- Nikhita Nookala
- May 30, 2023
- 5:02 pm
- No Comments
Valentine’s Day for most people is a holiday that brings to mind flowers, chocolates, love, and friendship. For people who are from Parkland, it has a different meaning altogether. On the morning of February 14th, 2018, Marjory Stoneman Douglas High School was nothing special. Almost comically suburban. Best known for the state award winning marching band and Anthony Rizzo (he played for the Chicago Cubs). By the evening, the school that my parents had moved cities to have me attend was featured on almost every TV channel on the air, for all the wrong reasons.
The person I was on the morning of Valentine’s Day in 2018 was not the same person who came home from school, and not the same person writing this now. As we get closer to the day every year when old Facebook pages and group messages become active again, it strikes me once again how sad it is when young people die. When people die, they are frozen in time. For people who haven’t figured themselves out yet, they die as an amalgamation of things they liked to do, or bands that they listened to every once in a while, or the career they picked on a whim that weekend. Sometimes I like to think about what’s written in the memorials for the victims and what they would think about it now. My friend Carmen was remembered as kind, caring, compassionate, driven, and hard-working. Would Carmen still want to research ALS, or would she be trying to go into ophthalmology? Would she have picked UF or UW? Would we still be in touch, or would we have lost contact like all old high school acquaintances?
The 2023 anniversary brings with it new heartache, another shooting on the campus of Michigan State University, and another group of students added to the horrific club that you can’t be in until you’re in it. One victim in particular stood out to me, Arielle Anderson, a college junior who dreamed of being a pediatrician. Her life summed up in 4 or 5 words, kind, caring, compassionate, driven, hard-working. She seems so similar to Carmen on paper, but she could be so different. Kind, caring, compassionate, driven, hard-working. Empty words that can’t encapsulate someone’s personality even if they tried. But that’s all we’re left with, anecdotes of core memories that would have become the foundation of a future that was stolen from them. When I think about it, it opens a hole in my chest that can’t be filled.

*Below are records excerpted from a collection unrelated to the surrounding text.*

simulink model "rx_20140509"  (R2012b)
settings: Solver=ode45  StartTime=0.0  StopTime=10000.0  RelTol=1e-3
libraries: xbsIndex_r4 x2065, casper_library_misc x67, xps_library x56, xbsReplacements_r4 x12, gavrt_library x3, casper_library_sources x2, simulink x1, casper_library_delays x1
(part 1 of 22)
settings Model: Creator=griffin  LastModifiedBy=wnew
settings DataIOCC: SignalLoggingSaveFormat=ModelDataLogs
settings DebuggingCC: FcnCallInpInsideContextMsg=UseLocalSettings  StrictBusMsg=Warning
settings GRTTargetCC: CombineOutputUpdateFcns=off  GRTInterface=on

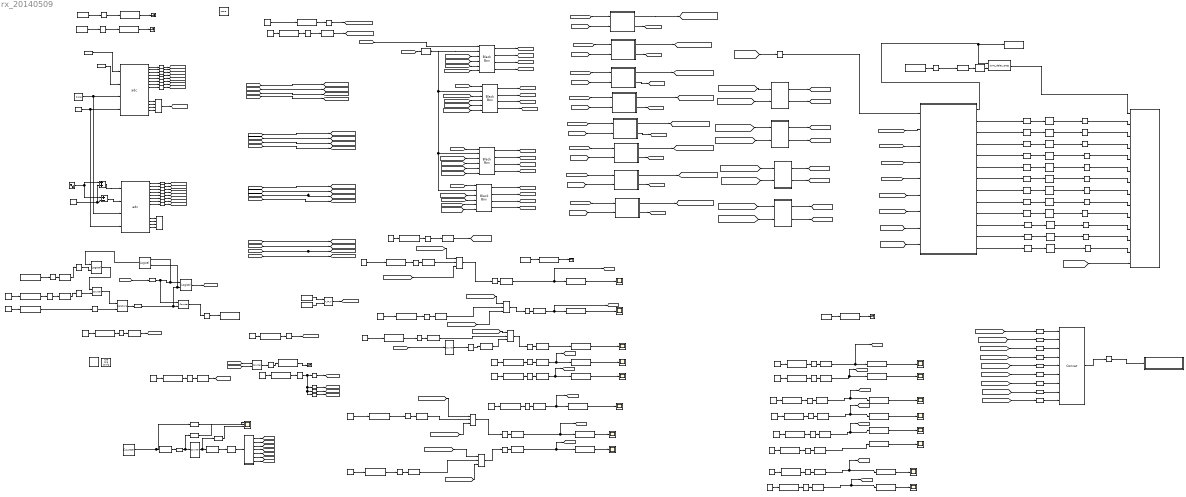
== system rx_20140509 ==
  note: fft_shift: bits 0-15
      | sync_rst: bit 16 -NA
      | arm_rst: bit 17 -NA
      | input_sel: bits 20-22
  note: The FFT Channels are assumed to be
      | Channel1= LCP +TREF (ADC0 I)
      | Channel2=LCP-TREF (ADC0 Q)
      | Channel3=RCP+TREF (ADC1 I)
      | Channel4=RCP-TREF (ADC1 Q)
  note: this shouild sync up the accumulation correctly
  note: To move DC bin higher:
      | Reduce Latency of Sync or increase latency of Data
      | To move DC bin lower:
      | Increase latency of Sync or decrease latency of Data
  note: 0 means Total Power/1 means Poalrimeter
  note: polarimeter versioning begins at 1
  " System Generator" : xbsIndex_r4/ System Generator  Tag=genX  xilinxfamily=virtex5  part=xc5vsx95t  speed=-1  package=ff1136  synthesis_tool=XST  clock_wrapper=Clock Enables  directory=./rx_20140505/sysgen  proj_type=Project Navigator  Synth_file=XST Defaults  Impl_file=ISE Defaults  testbench=off  simulink_period=1  sysclk_period=4  dcm_input_clock_period=100  incr_netlist=off  trim_vbits=Everywhere in SubSystem  dbl_ovrd=According to Block Masks  core_generation=According to Block Masks  run_coregen=off  deprecated_control=off  eval_field=0  block_type=sysgen
      settings: block_version=11.4
  Add2 : Sum
  Add3 : Sum  Inputs=+-
  Band-Limited White Noise1 : simulink/Sources/Band-Limited White Noise  Cov=0.000001  Ts=0.25  seed=[23341]
  Black Box{1..4} (4 alike) : xbsIndex_r4/Black Box  init_code=pfb_blackbox_200mhz_config  sim_method=Inactive  verbose=off  block_type=blackbox2
  Concat : xbsIndex_r4/Concat  num_inputs=9  dbl_ovrd=off  block_type=concat
  Constant{1,3..4,8} (4 alike) : Constant
  Constant{7,9..14,17..21,23..27} (17 alike) : Constant  Value=0
  Constant{2,5,15..16,22} (5 alike) : Constant  Value=30
  Convert : xbsIndex_r4/Convert  gui_display_data_type=Fixed-point  arith_type="Signed  (2's comp)"  n_bits=32  bin_pt=0  float_type=Single  exp_bits=8  fraction_bits=24  quantization=Truncate  overflow=Wrap  en=off  latency=0  dbl_ovrd=off  pipeline=off  block_type=convert
      settings: block_version=11.4
  Convert2 : xbsIndex_r4/Convert  gui_display_data_type=Fixed-point  arith_type=Boolean  n_bits=16  bin_pt=14  float_type=Single  exp_bits=8  fraction_bits=24  quantization=Truncate  overflow=Wrap  en=off  latency=0  dbl_ovrd=off  pipeline=off  block_type=convert
      settings: block_version=11.4
  Counter1 : xbsIndex_r4/Counter  cnt_type=Free Running  cnt_to=Inf  operation=Up  start_count=0  cnt_by_val=1  arith_type=Unsigned  n_bits=10  bin_pt=0  load_pin=off  rst=off  en=off  explicit_period=on  period=1  dbl_ovrd=off  use_behavioral_HDL=off  implementation=Fabric  block_type=counter
      settings: block_version=11.4
  Counter2 : xbsIndex_r4/Counter  cnt_type=Free Running  cnt_to=Inf  operation=Up  start_count=0  cnt_by_val=1  arith_type=Unsigned  n_bits=1  bin_pt=0  load_pin=off  rst=off  en=on  explicit_period=on  period=1  dbl_ovrd=off  use_behavioral_HDL=off  implementation=Fabric  block_type=counter
      settings: block_version=11.4
  Counter3 : xbsIndex_r4/Counter  cnt_type=Free Running  cnt_to=Inf  operation=Up  start_count=0  cnt_by_val=1  arith_type=Unsigned  n_bits=1  bin_pt=0  load_pin=off  rst=off  en=on  explicit_period=on  period=1  dbl_ovrd=off  use_behavioral_HDL=off  implementation=Fabric  block_type=counter
      settings: block_version=11.4
  Delay{,1,3,6,11..18,22,24..31,74..75,83,91} (25 alike) : xbsIndex_r4/Delay  rst=off  infoeditControl=Selection of Reset will increase slice count due to use of real FFs and instead of SRLs  en=off  latency=1  dbl_ovrd=off  reg_retiming=off  block_type=delay
      Delay11 settings: block_version=11.4
      Delay12 settings: block_version=11.4
      Delay13 settings: block_version=11.4
      Delay14 settings: block_version=11.4
      Delay15 settings: block_version=11.4
      Delay16 settings: block_version=11.4
      Delay17 settings: block_version=11.4
      Delay18 settings: block_version=11.4
      Delay22 settings: block_version=11.4
      Delay24 settings: block_version=11.4
      Delay25 settings: block_version=11.4
      Delay26 settings: block_version=11.4
      Delay27 settings: block_version=11.4
      Delay28 settings: block_version=11.4
      Delay29 settings: block_version=11.4
      Delay30 settings: block_version=11.4
  Delay{2,4..5,7..10,19..21,23,32..50,52,54..55,57..58,60,62,65,68,70,73,76..82,84..90,93..102} (65 alike) : xbsIndex_r4/Delay  rst=off  infoeditControl=Selection of Reset will increase slice count due to use of real FFs and instead of SRLs  en=off  latency=2  dbl_ovrd=off  reg_retiming=off  block_type=delay
  Delay{51,53,56,59,61,63..64,66..67,69,71..72} (12 alike) : xbsIndex_r4/Delay  rst=off  infoeditControl=Selection of Reset will increase slice count due to use of real FFs and instead of SRLs  en=off  latency=1  dbl_ovrd=off  reg_retiming=on  block_type=delay
  GPIOA_DIRECTION : xps_library/gpio  Tag=xps:gpio  io_group=ROACH:gpioa_oe_n  io_dir=out  arith_type=Boolean  bitwidth=1  bin_pt=0  bit_index=0  sample_period=1  use_single_ended=off  use_ddr=off  reg_iob=on  reg_clk_phase=0  termination=None
  GPIOB_DIRECTION : xps_library/gpio  Tag=xps:gpio  io_group=ROACH:gpiob_oe_n  io_dir=out  arith_type=Boolean  bitwidth=1  bin_pt=0  bit_index=0  sample_period=1  use_single_ended=off  use_ddr=off  reg_iob=on  reg_clk_phase=0  termination=None
  Imag : xbsIndex_r4/Constant  const=0  gui_display_data_type=Fixed-point  arith_type=Signed (2's comp)  n_bits=18  bin_pt=0  preci_type=Single  exp_width=8  frac_width=24  explicit_period=on  period=1  equ=P=C  opselect=C  inp2=PCIN>>17  opr=+  inp1=P  carry=CIN  dbl_ovrd=off  block_type=constant
      settings: block_version=11.4
  Logical : xbsIndex_r4/Logical  logical_function=OR  inputs=2  en=off  latency=2  precision=Full  arith_type=Unsigned  n_bits=16  bin_pt=0  align_bp=on  dbl_ovrd=off  block_type=logical
      settings: block_version=11.4
  Logical1 : xbsIndex_r4/Logical  logical_function=OR  inputs=4  en=off  latency=1  precision=Full  arith_type=Unsigned  n_bits=8  bin_pt=2  align_bp=on  dbl_ovrd=off  block_type=logical
      settings: xl_area=[1 1 0 1 0 0 0]
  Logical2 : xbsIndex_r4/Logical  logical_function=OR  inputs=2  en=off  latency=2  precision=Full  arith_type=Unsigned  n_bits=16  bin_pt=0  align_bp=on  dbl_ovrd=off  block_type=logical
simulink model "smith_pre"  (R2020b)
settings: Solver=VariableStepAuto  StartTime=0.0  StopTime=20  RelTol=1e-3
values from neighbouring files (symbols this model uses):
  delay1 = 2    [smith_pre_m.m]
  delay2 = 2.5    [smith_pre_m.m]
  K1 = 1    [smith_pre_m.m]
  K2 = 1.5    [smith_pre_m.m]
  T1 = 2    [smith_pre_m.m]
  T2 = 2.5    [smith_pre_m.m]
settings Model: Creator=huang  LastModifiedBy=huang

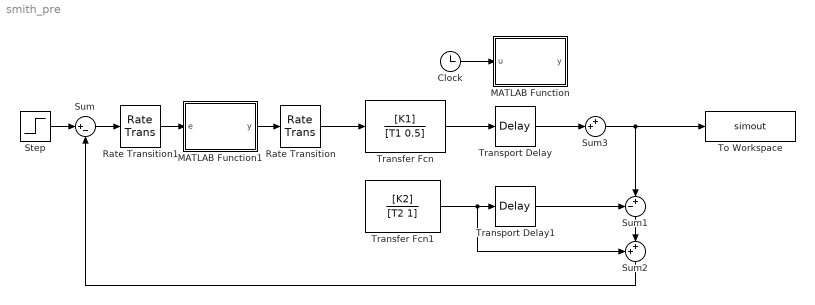
== system smith_pre ==
  Clock : Clock
  MATLAB Function : MATLAB Function  TreatAsAtomicUnit=on
  MATLAB Function1 : MATLAB Function  TreatAsAtomicUnit=on
  Rate Transition : RateTransition
  Rate Transition1 : RateTransition  OutPortSampleTime=5
  Step : Step  Time=0  SampleTime=0
  Sum : Sum  Inputs=|+-
  Sum1 : Sum  Inputs=-+|
  Sum2 : Sum  Inputs=++|
  Sum3 : Sum  Inputs=++|
  To Workspace : ToWorkspace  VariableName=simout  SampleTime=-1
      settings: Save2DSignal=2-D array (concatenate along first dimension)
  Transfer Fcn : TransferFcn  Numerator=[K1]  Denominator=[T1 0.5]
  Transfer Fcn1 : TransferFcn  Numerator=[K2]  Denominator=[T2 1]
  Transport Delay : TransportDelay  DelayTime=delay1
  Transport Delay1 : TransportDelay  DelayTime=delay2
  wires:
  Transfer Fcn/1 -> Transport Delay/1
  Step/1 -> Sum/1
  Transport Delay1/1 -> Sum1/1
  Sum1/1 -> Sum2/2
  Transfer Fcn1/1 -> Sum2/1, Transport Delay1/1
  Sum2/1 -> Sum/2
  Clock/1 -> MATLAB Function/1(u)
  Transport Delay/1 -> Sum3/2
  Sum3/1 -> Sum1/2, To Workspace/1
  MATLAB Function1/1(y) -> Rate Transition/1
  Rate Transition1/1 -> MATLAB Function1/1(e)
  Rate Transition/1 -> Transfer Fcn/1
  Sum/1 -> Rate Transition1/1

== matlab function smith_pre/MATLAB Function ==
  data: u input; y output
function y = fcn(u)
if(u<=5&&u>=4)
    y=-0.2;
else
    y=0;
end

== matlab function smith_pre/MATLAB Function1 ==
  data: e input; y output
function y = fcn(e)

y = e;

Valentine’s Day… is now a day of mixed emotions. Sad about what happened and who we lost. Happy to reach out to old friends and see how they’re doing. Guilty for feeling happy because we’re supposed to be sad. Guilty for moving on and not remembering all of the victims, who were kind, caring, compassionate, driven, and hard-working. But I do remember.
I look at old videos and articles of myself when I was interviewed after the shooting, and there’s a sense of hope there that I’ve lost. Change was looking so close until it wasn’t. Everyone said it felt different, but it wasn’t. Every year around this time, I keep wondering how many more people are going to have to go through this experience before our legislators can do something about it. How many futures will be stolen and replaced by kind, caring, compassionate, driven, and hard-working.